> [INFORMATION PROVIDED]
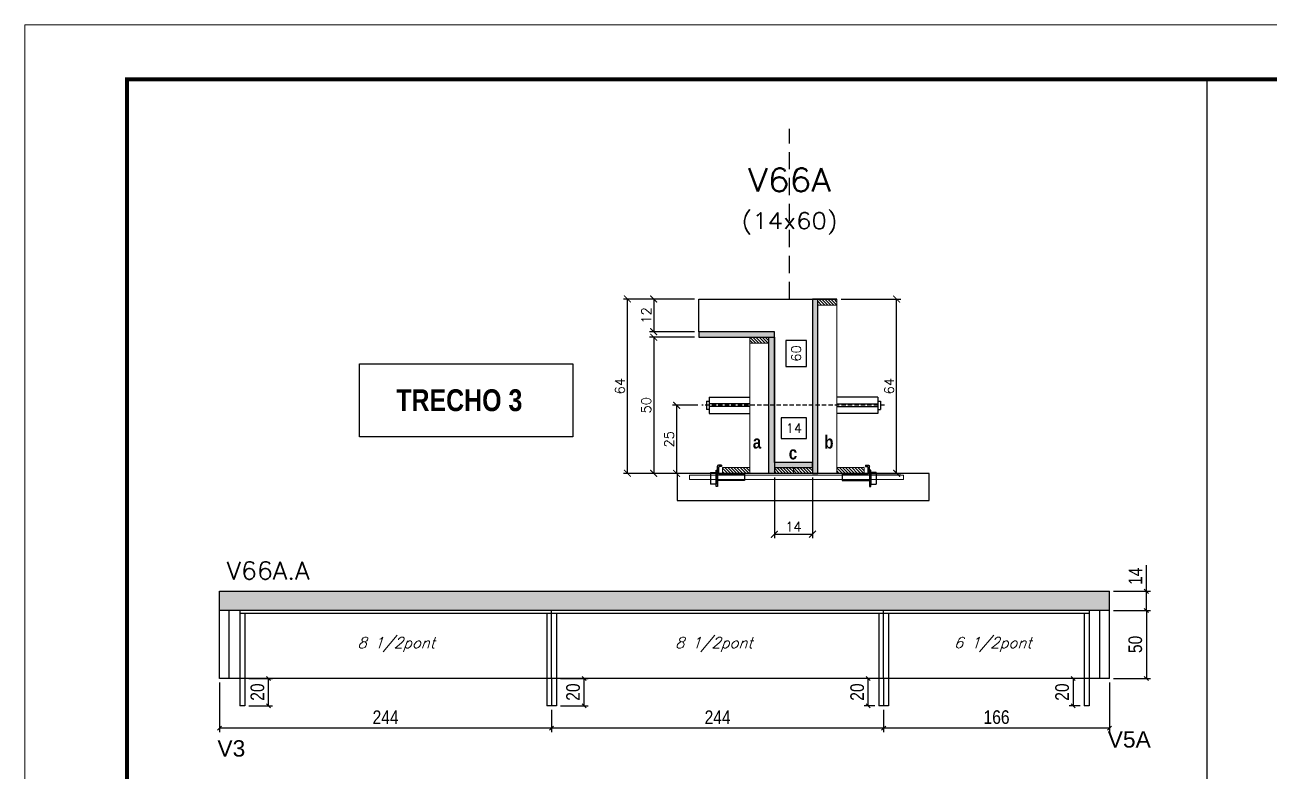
# Model space of a CAD drawing. Extents: x 0 to 6325, y 10169 to 19307.
# Drawn here: x 0 to 914, y 10671 to 11219 of the extents above; entities that cross this region are included whole.
import ezdxf
from ezdxf.enums import TextEntityAlignment as Align

# ---------------------------------------------------------------- set-up
doc = ezdxf.new("R2010")
doc.units = 0
doc.linetypes.add('DASHED', pattern=[0.75, 0.5, -0.25])
doc.linetypes.add('HIDDEN', pattern=[9.525, 6.35, -3.175])
for name, color, linetype in [('1', 1, 'Continuous'), ('5', 5, 'Continuous'), ('barrote', 251, 'Continuous'), ('COTA', 241, 'Continuous'), ('Cota Seção (2x)', 4, 'Continuous'), ('detalhes', 4, 'Continuous'), ('Hachura', 253, 'Continuous'), ('NOMENCLATURA', 7, 'Continuous'), ('Painéis', 200, 'Continuous'), ('presilha', 1, 'Continuous'), ('SARR_2.2x7', 40, 'Continuous'), ('SARR_3.5x7', 81, 'Continuous'), ('TENSOR', 3, 'Continuous'), ('texto', 7, 'Continuous'), ('Texto de Titulo', 7, 'Continuous'), ('Texto Qtd Sarr', 242, 'Continuous')]:
    doc.layers.add(name, color=color, linetype=linetype)
for name, color, linetype, lineweight in [('CONCRETO', 251, 'Continuous', 25), ('Folhas', 255, 'Continuous', 9), ('Madeira', 126, 'Continuous', 18), ('SARRAFO DE PRESSAO', 251, 'DASHED', 9), ('SCO-___-LAJ', 2, 'Continuous', 0), ('Texto Seção', 7, 'Continuous', 15)]:
    doc.layers.add(name, color=color, linetype=linetype, lineweight=lineweight)
doc.styles.add('COTA TECNICA', font='techl___.ttf', dxfattribs={"height": 10})
doc.styles.add('REGUA-120', font='ROMANS.shx', dxfattribs={"height": 15})
doc.styles.add('ROMANC', font='techb___.ttf', dxfattribs={"height": 2.5})
doc.styles.add('Romans', font='romans.shx')
doc.styles.get("Standard").update_dxf_attribs({"font": 'arial.ttf'})
doc.styles.add('TECNICA', font='techb___.ttf', dxfattribs={"height": 10})
doc.dimstyles.new('Cota Seção (2x)', dxfattribs={"dimtxt": 7, "dimasz": 5, "dimexe": 3, "dimexo": 3, "dimgap": 2, "dimtad": 3, "dimdec": 1, "dimlfac": 0.5, "dimzin": 12, "dimdsep": 46, "dimtxsty": 'Romans', "dimblk": 'ARCHTICK', "dimcen": 0, "dimclrd": 4, "dimclre": 4, "dimclrt": 1, "dimadec": 1, "dimazin": 3, "dimtfac": 1, "dimtdec": 1, "dimtmove": 0, "dimatfit": 3, "dimldrblk": 'OBLIQUE', "dimfxl": 1, "dimtolj": 1, "dimtzin": 12, "dimarcsym": 0})
doc.dimstyles.new('Cota Seção interna', dxfattribs={"dimtxt": 7, "dimasz": 6, "dimexe": 0.18, "dimexo": 2, "dimgap": -4, "dimtad": 3, "dimdec": 1, "dimlfac": 0.5, "dimzin": 12, "dimdsep": 46, "dimtxsty": 'Romans', "dimblk": 'ARCHTICK', "dimcen": 0.09, "dimse1": 1, "dimse2": 1, "dimsd1": 1, "dimsd2": 1, "dimclrd": 180, "dimclre": 5, "dimclrt": 1, "dimadec": 0, "dimazin": 3, "dimtfac": 1, "dimtdec": 1, "dimtofl": 0, "dimtmove": 0, "dimatfit": 3, "dimldrblk": 'ARCHTICK', "dimfxl": 1, "dimtolj": 1, "dimtzin": 0, "dimarcsym": 0})
doc.dimstyles.new('PAINEL', dxfattribs={"dimtxt": 10, "dimasz": 3, "dimexe": 3, "dimexo": 3, "dimgap": 3, "dimtad": 1, "dimdec": 1, "dimzin": 12, "dimdsep": 46, "dimtxsty": 'COTA TECNICA', "dimblk1": 'OBLIQUE', "dimblk2": 'OBLIQUE', "dimsah": 1, "dimcen": 0.9, "dimclrd": 4, "dimclre": 4, "dimclrt": 240, "dimadec": 1, "dimazin": 3, "dimtfac": 1, "dimtdec": 1, "dimtmove": 0, "dimatfit": 3, "dimfxl": 1, "dimtolj": 1, "dimtzin": 12, "dimarcsym": 0})
pattern_1 = [(315, (23497.3868, 2659.6007), (1.12253202, 1.12253202), [])]

# ---------------------------------------------------------------- blocks, each defined once
blk = doc.blocks.new('9999999999')
at = {"layer": 'Folhas'}
blk.add_lwpolyline([(98138.98, 34190.21), (99623.98, 34190.21), (99623.98, 35240.21), (98138.98, 35240.21)], close=True, dxfattribs=at)
at = {"layer": 'Folhas', "color": 30, "const_width": 3}
blk.add_lwpolyline([(98213.98, 34230.21), (99583.98, 34230.21), (99583.98, 35200.21), (98213.98, 35200.21)], close=True, dxfattribs=at)
blk = doc.blocks.new('titulo1')
at = {"layer": 'Defpoints', "color": 252, "linetype": 'HIDDEN', "ltscale": 2}
blk.add_line((0, 0), (0, 125), dxfattribs=at)
at = {"layer": 'Defpoints', "style": 'Romans', "oblique": 15}
blk.add_attdef('FOLHA', text='', height=10, dxfattribs=at).set_placement((0, 15.58), align=Align.MIDDLE_CENTER)
at = {"layer": 'Texto Qtd Sarr', "color": 3, "style": 'Romans', "oblique": 15}
for tag, height, p in [('TITULO', 17, (0, 71.45)), ('SEÇÃO', 12, (0, 41.55))]:
    blk.add_attdef(tag, text='', height=height, dxfattribs=at).set_placement(p, align=Align.MIDDLE_CENTER)
blk = doc.blocks.new('_ArchTick')
at = {"color": 0, "linetype": 'ByBlock', "const_width": 0.15}
blk.add_lwpolyline([(-0.5, -0.5), (0.5, 0.5)], dxfattribs=at)
blk = doc.blocks.new('*D357')
at = {"layer": 'COTA', "color": 4, "lineweight": -2, "transparency": 16777216}
for p, q in [((492.17, 11017.24), (439.79, 11017.24)), ((442.79, 10889.24), (442.79, 11017.24)), ((514.17, 10889.24), (439.79, 10889.24))]:
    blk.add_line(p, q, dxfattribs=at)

> [TASK DESCRIPTION]
The entries above need to be repeated word for word, minus their pictures.

> [EXERCISE RESPONSE]
# Model space of a CAD drawing. Extents: x 0 to 6325, y 10169 to 19307.
# Drawn here: x 0 to 914, y 10671 to 11219 of the extents above; entities that cross this region are included whole.
import ezdxf
from ezdxf.enums import TextEntityAlignment as Align

# ---------------------------------------------------------------- set-up
doc = ezdxf.new("R2010")
doc.units = 0
doc.linetypes.add('DASHED', pattern=[0.75, 0.5, -0.25])
doc.linetypes.add('HIDDEN', pattern=[9.525, 6.35, -3.175])
for name, color, linetype in [('1', 1, 'Continuous'), ('5', 5, 'Continuous'), ('barrote', 251, 'Continuous'), ('COTA', 241, 'Continuous'), ('Cota Seção (2x)', 4, 'Continuous'), ('detalhes', 4, 'Continuous'), ('Hachura', 253, 'Continuous'), ('NOMENCLATURA', 7, 'Continuous'), ('Painéis', 200, 'Continuous'), ('presilha', 1, 'Continuous'), ('SARR_2.2x7', 40, 'Continuous'), ('SARR_3.5x7', 81, 'Continuous'), ('TENSOR', 3, 'Continuous'), ('texto', 7, 'Continuous'), ('Texto de Titulo', 7, 'Continuous'), ('Texto Qtd Sarr', 242, 'Continuous')]:
    doc.layers.add(name, color=color, linetype=linetype)
for name, color, linetype, lineweight in [('CONCRETO', 251, 'Continuous', 25), ('Folhas', 255, 'Continuous', 9), ('Madeira', 126, 'Continuous', 18), ('SARRAFO DE PRESSAO', 251, 'DASHED', 9), ('SCO-___-LAJ', 2, 'Continuous', 0), ('Texto Seção', 7, 'Continuous', 15)]:
    doc.layers.add(name, color=color, linetype=linetype, lineweight=lineweight)
doc.styles.add('COTA TECNICA', font='techl___.ttf', dxfattribs={"height": 10})
doc.styles.add('REGUA-120', font='ROMANS.shx', dxfattribs={"height": 15})
doc.styles.add('ROMANC', font='techb___.ttf', dxfattribs={"height": 2.5})
doc.styles.add('Romans', font='romans.shx')
doc.styles.get("Standard").update_dxf_attribs({"font": 'arial.ttf'})
doc.styles.add('TECNICA', font='techb___.ttf', dxfattribs={"height": 10})
doc.dimstyles.new('Cota Seção (2x)', dxfattribs={"dimtxt": 7, "dimasz": 5, "dimexe": 3, "dimexo": 3, "dimgap": 2, "dimtad": 3, "dimdec": 1, "dimlfac": 0.5, "dimzin": 12, "dimdsep": 46, "dimtxsty": 'Romans', "dimblk": 'ARCHTICK', "dimcen": 0, "dimclrd": 4, "dimclre": 4, "dimclrt": 1, "dimadec": 1, "dimazin": 3, "dimtfac": 1, "dimtdec": 1, "dimtmove": 0, "dimatfit": 3, "dimldrblk": 'OBLIQUE', "dimfxl": 1, "dimtolj": 1, "dimtzin": 12, "dimarcsym": 0})
doc.dimstyles.new('Cota Seção interna', dxfattribs={"dimtxt": 7, "dimasz": 6, "dimexe": 0.18, "dimexo": 2, "dimgap": -4, "dimtad": 3, "dimdec": 1, "dimlfac": 0.5, "dimzin": 12, "dimdsep": 46, "dimtxsty": 'Romans', "dimblk": 'ARCHTICK', "dimcen": 0.09, "dimse1": 1, "dimse2": 1, "dimsd1": 1, "dimsd2": 1, "dimclrd": 180, "dimclre": 5, "dimclrt": 1, "dimadec": 0, "dimazin": 3, "dimtfac": 1, "dimtdec": 1, "dimtofl": 0, "dimtmove": 0, "dimatfit": 3, "dimldrblk": 'ARCHTICK', "dimfxl": 1, "dimtolj": 1, "dimtzin": 0, "dimarcsym": 0})
doc.dimstyles.new('PAINEL', dxfattribs={"dimtxt": 10, "dimasz": 3, "dimexe": 3, "dimexo": 3, "dimgap": 3, "dimtad": 1, "dimdec": 1, "dimzin": 12, "dimdsep": 46, "dimtxsty": 'COTA TECNICA', "dimblk1": 'OBLIQUE', "dimblk2": 'OBLIQUE', "dimsah": 1, "dimcen": 0.9, "dimclrd": 4, "dimclre": 4, "dimclrt": 240, "dimadec": 1, "dimazin": 3, "dimtfac": 1, "dimtdec": 1, "dimtmove": 0, "dimatfit": 3, "dimfxl": 1, "dimtolj": 1, "dimtzin": 12, "dimarcsym": 0})
pattern_1 = [(315, (23497.3868, 2659.6007), (1.12253202, 1.12253202), [])]

# ---------------------------------------------------------------- blocks, each defined once
blk = doc.blocks.new('9999999999')
at = {"layer": 'Folhas'}
blk.add_lwpolyline([(98138.98, 34190.21), (99623.98, 34190.21), (99623.98, 35240.21), (98138.98, 35240.21)], close=True, dxfattribs=at)
at = {"layer": 'Folhas', "color": 30, "const_width": 3}
blk.add_lwpolyline([(98213.98, 34230.21), (99583.98, 34230.21), (99583.98, 35200.21), (98213.98, 35200.21)], close=True, dxfattribs=at)
blk = doc.blocks.new('titulo1')
at = {"layer": 'Defpoints', "color": 252, "linetype": 'HIDDEN', "ltscale": 2}
blk.add_line((0, 0), (0, 125), dxfattribs=at)
at = {"layer": 'Defpoints', "style": 'Romans', "oblique": 15}
blk.add_attdef('FOLHA', text='', height=10, dxfattribs=at).set_placement((0, 15.58), align=Align.MIDDLE_CENTER)
at = {"layer": 'Texto Qtd Sarr', "color": 3, "style": 'Romans', "oblique": 15}
for tag, height, p in [('TITULO', 17, (0, 71.45)), ('SEÇÃO', 12, (0, 41.55))]:
    blk.add_attdef(tag, text='', height=height, dxfattribs=at).set_placement(p, align=Align.MIDDLE_CENTER)
blk = doc.blocks.new('_ArchTick')
at = {"color": 0, "linetype": 'ByBlock', "const_width": 0.15}
blk.add_lwpolyline([(-0.5, -0.5), (0.5, 0.5)], dxfattribs=at)
blk = doc.blocks.new('*D357')
at = {"layer": 'COTA', "color": 4, "lineweight": -2, "transparency": 16777216}
for p, q in [((492.17, 11017.24), (439.79, 11017.24)), ((442.79, 10889.24), (442.79, 11017.24)), ((514.17, 10889.24), (439.79, 10889.24))]:
    blk.add_line(p, q, dxfattribs=at)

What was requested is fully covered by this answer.